Thursday, June 4, 2009

Logic and morality, or why I hate Vulcans

I saw the new Star Trek movie a few weeks ago, and there is one scene that has been scarred into my brain because it struck so close to home. As a child Spock answers various questions of logic, mathematics, and physics. He also answers an ethics question with "it is morally praiseworthy but not morally obligatory." The fact that this answer is given is a series of questions that are all treated the same way and answered with the same conviction perfectly capture the Vulcan idea that morality and the best action in any given situation can be derived from logic. My dad is a serious trekkie (well, about the original series, but none of the spin offs), and I grew up with Star Trek as a constant background. My dad clearly admired the Vulcan mindset and instilled in me the value of logic to the exclusion of emotion, which made me insufferably moralizing for a while, and then completely broke me when the drive to learn the truth undermined my very reason for doing so. By the end of my Sophomore year and the beginning of my Junior year I had completely devoted myself to trying to live in (what I took to be) accordance with pure logic and reason. When I saw that this position was itself illogical it all fell apart.
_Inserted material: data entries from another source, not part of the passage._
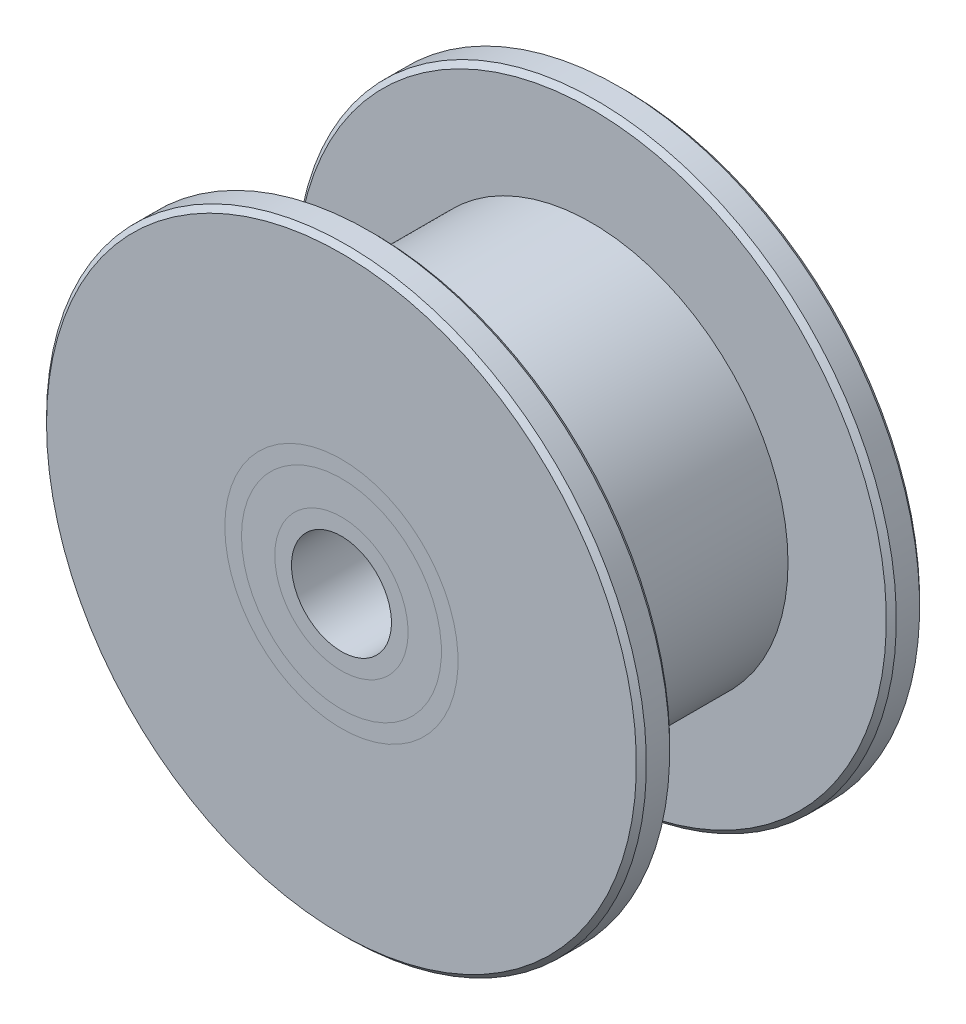
ISO-10303-21;
HEADER;
FILE_DESCRIPTION(('STEP AP214'),'2;1');
FILE_NAME('part.step','',(''),(''),'','','');
FILE_SCHEMA(('AUTOMOTIVE_DESIGN { 1 0 10303 214 1 1 1 1 }'));
ENDSEC;
DATA;
#1=APPLICATION_CONTEXT('core data for automotive mechanical design processes');
#2=APPLICATION_PROTOCOL_DEFINITION('international standard','automotive_design',2000,#1);
#3=PRODUCT_CONTEXT('',#1,'mechanical');
#4=PRODUCT('Part','Part','',(#3));
#5=PRODUCT_RELATED_PRODUCT_CATEGORY('part','',(#4));
#6=PRODUCT_DEFINITION_FORMATION('','',#4);
#7=PRODUCT_DEFINITION_CONTEXT('part definition',#1,'design');
#8=PRODUCT_DEFINITION('design','',#6,#7);
#9=PRODUCT_DEFINITION_SHAPE('','',#8);
#10=(LENGTH_UNIT() NAMED_UNIT(*) SI_UNIT(.MILLI.,.METRE.));
#11=(NAMED_UNIT(*) PLANE_ANGLE_UNIT() SI_UNIT($,.RADIAN.));
#12=(NAMED_UNIT(*) SI_UNIT($,.STERADIAN.) SOLID_ANGLE_UNIT());
#13=UNCERTAINTY_MEASURE_WITH_UNIT(LENGTH_MEASURE(1.E-05),#10,'distance_accuracy_value','');
#14=(GEOMETRIC_REPRESENTATION_CONTEXT(3) GLOBAL_UNCERTAINTY_ASSIGNED_CONTEXT((#13)) GLOBAL_UNIT_ASSIGNED_CONTEXT((#10,
#11,#12)) REPRESENTATION_CONTEXT('',''));
#15=CARTESIAN_POINT('',(0.,0.,0.));
#16=DIRECTION('',(0.,0.,1.));
#17=DIRECTION('',(1.,0.,0.));
#18=AXIS2_PLACEMENT_3D('',#15,#16,#17);
#19=CARTESIAN_POINT('',(0.,0.,0.075));
#20=DIRECTION('',(0.,0.,1.));
#21=DIRECTION('',(1.,0.,0.));
#22=AXIS2_PLACEMENT_3D('',#19,#20,#21);
#23=CONICAL_SURFACE('',#22,8.925,0.785398163397449);
#24=CARTESIAN_POINT('',(0.,0.,0.15));
#25=DIRECTION('',(0.,0.,-1.));
#26=DIRECTION('',(1.,0.,0.));
#27=AXIS2_PLACEMENT_3D('',#24,#25,#26);
#28=CIRCLE('',#27,9.);
#29=CARTESIAN_POINT('',(-9.,0.,0.15));
#30=VERTEX_POINT('',#29);
#31=EDGE_CURVE('P0_E11',#30,#30,#28,.T.);
#32=ORIENTED_EDGE('',*,*,#31,.T.);
#33=DIRECTION('',(0.707106781186548,0.,-0.707106781186547));
#34=VECTOR('',#33,1.);
#35=CARTESIAN_POINT('',(-8.925,0.,0.075));
#36=LINE('',#35,#34);
#37=CARTESIAN_POINT('',(-8.85,0.,0.));
#38=VERTEX_POINT('',#37);
#39=EDGE_CURVE('P0_E27',#30,#38,#36,.T.);
#40=ORIENTED_EDGE('',*,*,#39,.T.);
#41=CARTESIAN_POINT('',(0.,0.,0.));
#42=DIRECTION('',(0.,0.,1.));
#43=DIRECTION('',(1.,0.,0.));
#44=AXIS2_PLACEMENT_3D('',#41,#42,#43);
#45=CIRCLE('',#44,8.85);
#46=EDGE_CURVE('P0_E113',#38,#38,#45,.T.);
#47=ORIENTED_EDGE('',*,*,#46,.T.);
#48=ORIENTED_EDGE('',*,*,#39,.F.);
#49=EDGE_LOOP('',(#32,#40,#47,#48));
#50=FACE_BOUND('',#49,.T.);
#51=ADVANCED_FACE('P0_F16',(#50),#23,.T.);
#52=CARTESIAN_POINT('',(0.,0.,0.));
#53=DIRECTION('',(0.,0.,1.));
#54=DIRECTION('',(1.,0.,0.));
#55=AXIS2_PLACEMENT_3D('',#52,#53,#54);
#56=CYLINDRICAL_SURFACE('',#55,9.);
#57=CARTESIAN_POINT('',(0.,0.,0.85));
#58=DIRECTION('',(0.,0.,1.));
#59=DIRECTION('',(1.,0.,0.));
#60=AXIS2_PLACEMENT_3D('',#57,#58,#59);
#61=CIRCLE('',#60,9.);
#62=CARTESIAN_POINT('',(-9.,0.,0.85));
#63=VERTEX_POINT('',#62);
#64=EDGE_CURVE('P0_E116',#63,#63,#61,.T.);
#65=ORIENTED_EDGE('',*,*,#64,.F.);
#66=DIRECTION('',(0.,0.,-1.));
#67=VECTOR('',#66,1.);
#68=CARTESIAN_POINT('',(-9.,0.,0.));
#69=LINE('',#68,#67);
#70=EDGE_CURVE('P0_E134',#63,#30,#69,.T.);
#71=ORIENTED_EDGE('',*,*,#70,.T.);
#72=ORIENTED_EDGE('',*,*,#31,.F.);
#73=ORIENTED_EDGE('',*,*,#70,.F.);
#74=EDGE_LOOP('',(#65,#71,#72,#73));
#75=FACE_BOUND('',#74,.T.);
#76=ADVANCED_FACE('P0_F181',(#75),#56,.T.);
#77=CARTESIAN_POINT('',(0.,0.,0.));
#78=DIRECTION('',(0.,0.,1.));
#79=DIRECTION('',(1.,0.,0.));
#80=AXIS2_PLACEMENT_3D('',#77,#78,#79);
#81=PLANE('',#80);
#82=ORIENTED_EDGE('',*,*,#46,.F.);
#83=EDGE_LOOP('',(#82));
#84=FACE_BOUND('',#83,.T.);
#85=CARTESIAN_POINT('',(0.,0.,0.));
#86=DIRECTION('',(0.,0.,-1.));
#87=DIRECTION('',(1.,0.,0.));
#88=AXIS2_PLACEMENT_3D('',#85,#86,#87);
#89=CIRCLE('',#88,3.5);
#90=CARTESIAN_POINT('',(-3.5,0.,0.));
#91=VERTEX_POINT('',#90);
#92=EDGE_CURVE('P0_E142',#91,#91,#89,.T.);
#93=ORIENTED_EDGE('',*,*,#92,.F.);
#94=EDGE_LOOP('',(#93));
#95=FACE_BOUND('',#94,.T.);
#96=ADVANCED_FACE('P0_F187',(#84,#95),#81,.F.);
#97=CARTESIAN_POINT('',(0.,0.,0.925));
#98=DIRECTION('',(0.,0.,-1.));
#99=DIRECTION('',(1.,0.,0.));
#100=AXIS2_PLACEMENT_3D('',#97,#98,#99);
#101=CONICAL_SURFACE('',#100,8.925,0.785398163397449);
#102=CARTESIAN_POINT('',(0.,0.,1.));
#103=DIRECTION('',(0.,0.,-1.));
#104=DIRECTION('',(1.,0.,0.));
#105=AXIS2_PLACEMENT_3D('',#102,#103,#104);
#106=CIRCLE('',#105,8.85);
#107=CARTESIAN_POINT('',(-8.85,0.,1.));
#108=VERTEX_POINT('',#107);
#109=EDGE_CURVE('P0_E128',#108,#108,#106,.T.);
#110=ORIENTED_EDGE('',*,*,#109,.T.);
#111=DIRECTION('',(-0.707106781186548,0.,-0.707106781186547));
#112=VECTOR('',#111,1.);
#113=CARTESIAN_POINT('',(-8.925,0.,0.925));
#114=LINE('',#113,#112);
#115=EDGE_CURVE('P0_E120',#108,#63,#114,.T.);
#116=ORIENTED_EDGE('',*,*,#115,.T.);
#117=ORIENTED_EDGE('',*,*,#64,.T.);
#118=ORIENTED_EDGE('',*,*,#115,.F.);
#119=EDGE_LOOP('',(#110,#116,#117,#118));
#120=FACE_BOUND('',#119,.T.);
#121=ADVANCED_FACE('P0_F194',(#120),#101,.T.);
#122=CARTESIAN_POINT('',(0.,0.,1.));
#123=DIRECTION('',(0.,0.,1.));
#124=DIRECTION('',(1.,0.,0.));
#125=AXIS2_PLACEMENT_3D('',#122,#123,#124);
#126=PLANE('',#125);
#127=ORIENTED_EDGE('',*,*,#109,.F.);
#128=EDGE_LOOP('',(#127));
#129=FACE_BOUND('',#128,.T.);
#130=CARTESIAN_POINT('',(0.,0.,1.));
#131=DIRECTION('',(0.,0.,1.));
#132=DIRECTION('',(1.,0.,0.));
#133=AXIS2_PLACEMENT_3D('',#130,#131,#132);
#134=CIRCLE('',#133,5.9);
#135=CARTESIAN_POINT('',(-5.9,0.,1.));
#136=VERTEX_POINT('',#135);
#137=EDGE_CURVE('P0_E74',#136,#136,#134,.T.);
#138=ORIENTED_EDGE('',*,*,#137,.F.);
#139=EDGE_LOOP('',(#138));
#140=FACE_BOUND('',#139,.T.);
#141=ADVANCED_FACE('P0_F197',(#129,#140),#126,.T.);
#142=CARTESIAN_POINT('',(0.,0.,7.575));
#143=DIRECTION('',(0.,0.,1.));
#144=DIRECTION('',(1.,0.,0.));
#145=AXIS2_PLACEMENT_3D('',#142,#143,#144);
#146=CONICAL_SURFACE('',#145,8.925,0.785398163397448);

Basically, what I'm saying is that I blame Star Trek for why my head was so fucked for years. Well, I think it was worth it to get where I am now. It is a little discussed phenomenon that if you are lucky there is existential joy on the far side of existential angst.

3 comments:

Ben Colahan

Perhaps this is an issue of interpretation. Viewers are actually supposed to support the Romulans who have rejected strict adherence to logic. The show focuses mostly on Spock to serve as a cautionary tale. :)

stacia

i am not particularly familiar with star trek in general, but i did see the new movie and i agree with ben that we were supposed to feel kinda weird about super-vulcan spock and feel good when he decided to embrace his illogical humanness. hmm, i would be curious about how that compares to older star trek stuff and representations of him and vulcans, and what it might mean that this movie implied that illogic is more human and better. i guess the romulans were far from heroes as well, so maybe the take home lesson is actually moderation (who'd'a thunk?).

anyway, mostly i wanted to comment to say i was really glad to read the last paragraph of this entry.

Landon

My point about the movie is that it encapsulated the Vulcan view accurately, not that it was enticing. In the original series Kirk and others are constantly trying to get Spock to be a bit more emotional, but it is never cut and dry as to whether it would better for Spock to be more emotional or for Kirk to be more rational or both. At any rate, my dad liked Vulcans, and that made a big impression on me, regardless of how the creators intended Vulcans to be seen.


Thanks, Stacia. I'm really glad to be in a position to write it.